需要说明的是,本申请的说明书和权利要求书及上述附图中的术语“第一”、“第二”等是用于区别类似的对象,而不必用于描述特定的顺序或先后次序。应该理解这样使用的数据在适当情况下可以互换,以便这里描述的本申请的实施例能够以除了在这里图示或描述的那些以外的顺序实施。此外,术语“包括”和“具有”以及他们的任何变形,意图在于覆盖不排他的包含,例如,包含了一系列步骤或单元的过程、方法、系统、产品或设备不必限于清楚地列出的那些步骤或单元,而是可包括没有清楚地列出的或对于这些过程、方法、产品或设备固有的其它步骤或单元。

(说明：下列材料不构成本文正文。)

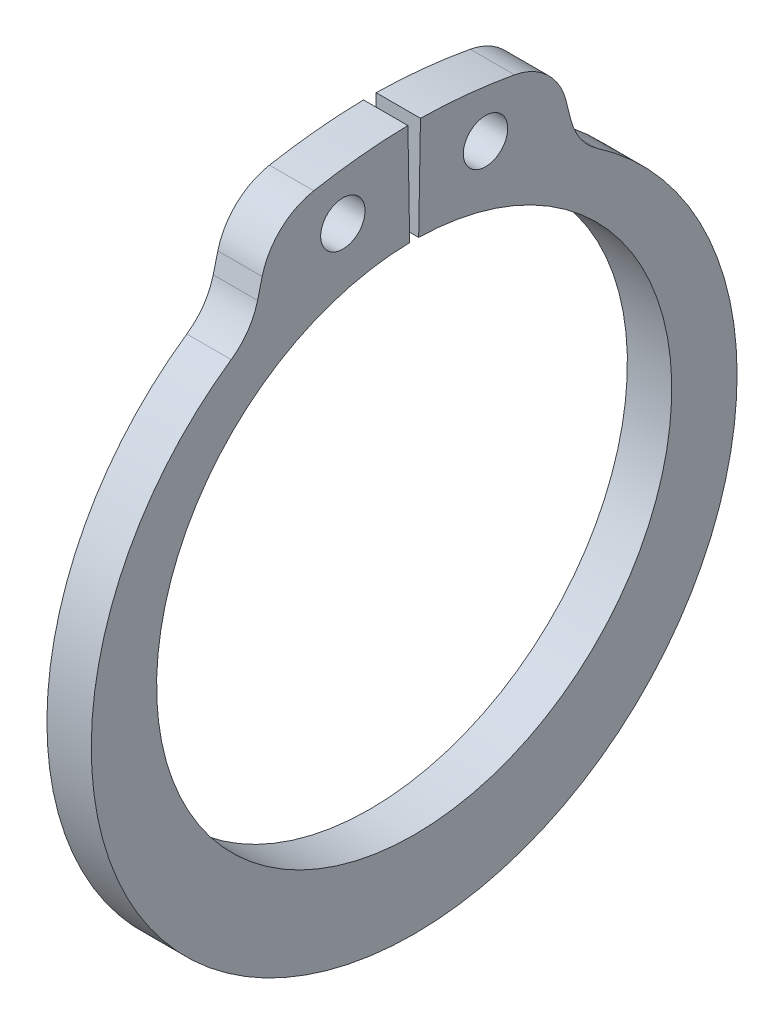
ISO-10303-21;
HEADER;
FILE_DESCRIPTION(('STEP AP214'),'2;1');
FILE_NAME('part.step','',(''),(''),'','','');
FILE_SCHEMA(('AUTOMOTIVE_DESIGN { 1 0 10303 214 1 1 1 1 }'));
ENDSEC;
DATA;
#1=APPLICATION_CONTEXT('core data for automotive mechanical design processes');
#2=APPLICATION_PROTOCOL_DEFINITION('international standard','automotive_design',2000,#1);
#3=PRODUCT_CONTEXT('',#1,'mechanical');
#4=PRODUCT('Part','Part','',(#3));
#5=PRODUCT_RELATED_PRODUCT_CATEGORY('part','',(#4));
#6=PRODUCT_DEFINITION_FORMATION('','',#4);
#7=PRODUCT_DEFINITION_CONTEXT('part definition',#1,'design');
#8=PRODUCT_DEFINITION('design','',#6,#7);
#9=PRODUCT_DEFINITION_SHAPE('','',#8);
#10=(LENGTH_UNIT() NAMED_UNIT(*) SI_UNIT(.MILLI.,.METRE.));
#11=(NAMED_UNIT(*) PLANE_ANGLE_UNIT() SI_UNIT($,.RADIAN.));
#12=(NAMED_UNIT(*) SI_UNIT($,.STERADIAN.) SOLID_ANGLE_UNIT());
#13=UNCERTAINTY_MEASURE_WITH_UNIT(LENGTH_MEASURE(1.E-05),#10,'distance_accuracy_value','');
#14=(GEOMETRIC_REPRESENTATION_CONTEXT(3) GLOBAL_UNCERTAINTY_ASSIGNED_CONTEXT((#13)) GLOBAL_UNIT_ASSIGNED_CONTEXT((#10,
#11,#12)) REPRESENTATION_CONTEXT('',''));
#15=CARTESIAN_POINT('',(0.,0.,0.));
#16=DIRECTION('',(0.,0.,1.));
#17=DIRECTION('',(1.,0.,0.));
#18=AXIS2_PLACEMENT_3D('',#15,#16,#17);
#19=CARTESIAN_POINT('',(0.9906,0.,0.));
#20=DIRECTION('',(1.,0.,0.));
#21=DIRECTION('',(0.,0.,-1.));
#22=AXIS2_PLACEMENT_3D('',#19,#20,#21);
#23=PLANE('',#22);
#24=CARTESIAN_POINT('',(0.9906,13.7386956694485,3.18562375031583));
#25=DIRECTION('',(1.,0.,0.));
#26=DIRECTION('',(0.,0.,-1.));
#27=AXIS2_PLACEMENT_3D('',#24,#25,#26);
#28=CIRCLE('',#27,0.9906);
#29=CARTESIAN_POINT('',(0.9906,13.7386956694485,2.19502375031583));
#30=VERTEX_POINT('',#29);
#31=EDGE_CURVE('E276',#30,#30,#28,.T.);
#32=ORIENTED_EDGE('',*,*,#31,.F.);
#33=EDGE_LOOP('',(#32));
#34=FACE_BOUND('',#33,.T.);
#35=CARTESIAN_POINT('',(0.9906,-9.62190277241611,-0.167950937625521));
#36=DIRECTION('',(1.,0.,0.));
#37=DIRECTION('',(0.,0.,-1.));
#38=AXIS2_PLACEMENT_3D('',#35,#36,#37);
#39=CIRCLE('',#38,25.7015684580441);
#40=CARTESIAN_POINT('',(0.9906,16.0757512122635,0.280603281179932));
#41=VERTEX_POINT('',#40);
#42=CARTESIAN_POINT('',(0.9906,15.6551175075098,4.48423854387066));
#43=VERTEX_POINT('',#42);
#44=EDGE_CURVE('E169',#41,#43,#39,.T.);
#45=ORIENTED_EDGE('',*,*,#44,.T.);
#46=CARTESIAN_POINT('',(0.9906,12.7823676845489,3.95551417836614));
#47=DIRECTION('',(1.,0.,0.));
#48=DIRECTION('',(0.,0.,-1.));
#49=AXIS2_PLACEMENT_3D('',#46,#47,#48);
#50=CIRCLE('',#49,2.921);
#51=CARTESIAN_POINT('',(0.9906,13.4890215415955,6.78974799481833));
#52=VERTEX_POINT('',#51);
#53=EDGE_CURVE('E218',#43,#52,#50,.T.);
#54=ORIENTED_EDGE('',*,*,#53,.T.);
#55=DIRECTION('',(0.,-0.970295726275997,0.241921895599664));
#56=VECTOR('',#55,1.);
#57=CARTESIAN_POINT('',(0.9906,15.2385208359464,6.35354882978227));
#58=LINE('',#57,#56);
#59=CARTESIAN_POINT('',(0.9906,12.6673759307559,6.99460725401382));
#60=VERTEX_POINT('',#59);
#61=EDGE_CURVE('E267',#52,#60,#58,.T.);
#62=ORIENTED_EDGE('',*,*,#61,.T.);
#63=CARTESIAN_POINT('',(0.9906,13.3740297878026,9.82884107046601));
#64=DIRECTION('',(1.,0.,0.));
#65=DIRECTION('',(0.,0.,-1.));
#66=AXIS2_PLACEMENT_3D('',#63,#64,#65);
#67=CIRCLE('',#66,2.921);
#68=CARTESIAN_POINT('',(0.9906,10.9672730256424,8.17361815865124));
#69=VERTEX_POINT('',#68);
#70=EDGE_CURVE('E234',#60,#69,#67,.F.);
#71=ORIENTED_EDGE('',*,*,#70,.T.);
#72=CARTESIAN_POINT('',(0.9906,-0.917477139566747,0.));
#73=DIRECTION('',(1.,0.,0.));
#74=DIRECTION('',(0.,0.,-1.));
#75=AXIS2_PLACEMENT_3D('',#72,#73,#74);
#76=CIRCLE('',#75,14.4241228604332);
#77=CARTESIAN_POINT('',(0.9906,10.9672730256424,-8.1736181586513));
#78=VERTEX_POINT('',#77);
#79=EDGE_CURVE('E259',#69,#78,#76,.T.);
#80=ORIENTED_EDGE('',*,*,#79,.T.);
#81=CARTESIAN_POINT('',(0.9906,13.3740297878025,-9.82884107046608));
#82=DIRECTION('',(1.,0.,0.));
#83=DIRECTION('',(0.,0.,-1.));
#84=AXIS2_PLACEMENT_3D('',#81,#82,#83);
#85=CIRCLE('',#84,2.921);
#86=CARTESIAN_POINT('',(0.9906,12.6673759307558,-6.99460725401391));
#87=VERTEX_POINT('',#86);
#88=EDGE_CURVE('E11',#78,#87,#85,.F.);
#89=ORIENTED_EDGE('',*,*,#88,.T.);
#90=DIRECTION('',(0.,0.970295726275991,0.241921895599687));
#91=VECTOR('',#90,1.);
#92=CARTESIAN_POINT('',(0.9906,15.2385208359464,-6.35354882978226));
#93=LINE('',#92,#91);
#94=CARTESIAN_POINT('',(0.9906,13.4890215415955,-6.78974799481836));
#95=VERTEX_POINT('',#94);
#96=EDGE_CURVE('E258',#87,#95,#93,.T.);
#97=ORIENTED_EDGE('',*,*,#96,.T.);
#98=CARTESIAN_POINT('',(0.9906,12.7823676845488,-3.95551417836619));
#99=DIRECTION('',(1.,0.,0.));
#100=DIRECTION('',(0.,0.,-1.));
#101=AXIS2_PLACEMENT_3D('',#98,#99,#100);
#102=CIRCLE('',#101,2.921);
#103=CARTESIAN_POINT('',(0.9906,15.6551175075097,-4.48423854387069));
#104=VERTEX_POINT('',#103);
#105=EDGE_CURVE('E61',#95,#104,#102,.T.);
#106=ORIENTED_EDGE('',*,*,#105,.T.);
#107=CARTESIAN_POINT('',(0.9906,-9.62190277241895,0.167950937625904));
#108=DIRECTION('',(1.,0.,0.));
#109=DIRECTION('',(0.,0.,1.));
#110=AXIS2_PLACEMENT_3D('',#107,#108,#109);
#111=CIRCLE('',#110,25.7015684580469);
#112=CARTESIAN_POINT('',(0.9906,16.0757512122635,-0.280603281179933));
#113=VERTEX_POINT('',#112);
#114=EDGE_CURVE('E262',#104,#113,#111,.T.);
#115=ORIENTED_EDGE('',*,*,#114,.T.);
#116=DIRECTION('',(0.,-0.999847695156391,0.0174524064372835));
#117=VECTOR('',#116,1.);
#118=CARTESIAN_POINT('',(0.9906,16.0757512122635,-0.280603281179932));
#119=LINE('',#118,#117);
#120=CARTESIAN_POINT('',(0.9906,11.5044475500085,-0.200810878948672));
#121=VERTEX_POINT('',#120);
#122=EDGE_CURVE('E175',#113,#121,#119,.T.);
#123=ORIENTED_EDGE('',*,*,#122,.T.);
#124=CARTESIAN_POINT('',(0.9906,0.,0.));
#125=DIRECTION('',(-1.,0.,0.));
#126=DIRECTION('',(0.,0.,-1.));
#127=AXIS2_PLACEMENT_3D('',#124,#125,#126);
#128=CIRCLE('',#127,11.5062);
#129=CARTESIAN_POINT('',(0.9906,11.5044475500085,0.200810878948672));
#130=VERTEX_POINT('',#129);
#131=EDGE_CURVE('E170',#121,#130,#128,.T.);
#132=ORIENTED_EDGE('',*,*,#131,.T.);
#133=DIRECTION('',(0.,0.999847695156391,0.0174524064372835));
#134=VECTOR('',#133,1.);
#135=CARTESIAN_POINT('',(0.9906,11.5044475500085,0.200810878948672));
#136=LINE('',#135,#134);
#137=EDGE_CURVE('E158',#130,#41,#136,.T.);
#138=ORIENTED_EDGE('',*,*,#137,.T.);
#139=EDGE_LOOP('',(#45,#54,#62,#71,#80,#89,#97,#106,#115,#123,#132,#138));
#140=FACE_BOUND('',#139,.T.);
#141=CARTESIAN_POINT('',(0.9906,13.7386956694485,-3.18562375031583));
#142=DIRECTION('',(1.,0.,0.));
#143=DIRECTION('',(0.,0.,-1.));
#144=AXIS2_PLACEMENT_3D('',#141,#142,#143);
#145=CIRCLE('',#144,0.9906);
#146=CARTESIAN_POINT('',(0.9906,13.7386956694485,-4.17622375031583));
#147=VERTEX_POINT('',#146);
#148=EDGE_CURVE('E317',#147,#147,#145,.T.);
#149=ORIENTED_EDGE('',*,*,#148,.F.);
#150=EDGE_LOOP('',(#149));
#151=FACE_BOUND('',#150,.T.);
#152=ADVANCED_FACE('F43',(#34,#140,#151),#23,.T.);
#153=CARTESIAN_POINT('',(-0.9906,0.,0.));
#154=DIRECTION('',(1.,0.,0.));
#155=DIRECTION('',(0.,0.,-1.));
#156=AXIS2_PLACEMENT_3D('',#153,#154,#155);
#157=PLANE('',#156);
#158=CARTESIAN_POINT('',(-0.9906,13.7386956694485,3.18562375031583));
#159=DIRECTION('',(1.,0.,0.));
#160=DIRECTION('',(0.,0.,-1.));
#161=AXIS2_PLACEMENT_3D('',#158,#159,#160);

根据本申请实施例的一个方面,提供了一种视频解码方法,如图2所示,该方法包括:
S202,获取待解码视频帧,其中,所述待解码视频帧被划分为多个区域;
S204,获取所述多个区域中每个区域对应的待解码数据中携带的语法元素,其中,所述语法元素用于指示解码所述每个区域所采用的分辨率,解码所述多个区域所采用的多个分辨率包括至少两个不同的分辨率;
S206,采用每个区域所对应的分辨率对所述多个区域中的每个区域进行解码。
可选地,在本实施例中,上述视频解码方法可以应用于如图3所示的服务器302和客户端304所构成的硬件环境中。如图3所示,服务器302获取待解码视频帧,其中,待解码视频帧被划分为多个区域;获取多个区域中每个区域对应的待解码数据中携带的语法元素,其中,语法元素用于指示解码每个区域所采用的分辨率,解码多个区域所采用的多个分辨率包括至少两个不同的分辨率;采用每个区域所对应的分辨率对多个区域中的每个区域进行解码。服务器302将解码后得到的视频发送给客户端304进行播放。
可选地,在本实施例中,上述视频解码方法可以但不限于应用于音视频处理的场景中。比如:客户端A与客户端B进行视频通话,客户端A侧和客户端B侧分别采集视频画面,对采集到的视频画面进行编码,将编码后的视频发送给对方,在对方对接收到的视频进行解码,并播放解码后的视频。
可选地,在本实施例中,上述视频解码方法还可以但不限于应用于视频文件的播放、视频直播等场景中。
其中,上述客户端可以但不限于为各种类型的应用,例如,在线教育应用、即时通讯应用、社区空间应用、游戏应用、购物应用、浏览器应用、金融应用、多媒体应用、直播应用等。具体的,可以但不限于应用于在上述即时通讯应用中对音视频进行处理的场景中,或还可以但不限于应用于在上述多媒体应用中对音视频进行处理的场景中,以避免对视频进行编解码的峰值信噪比波动较大。上述仅是一种示例,本实施例中对此不做任何限定。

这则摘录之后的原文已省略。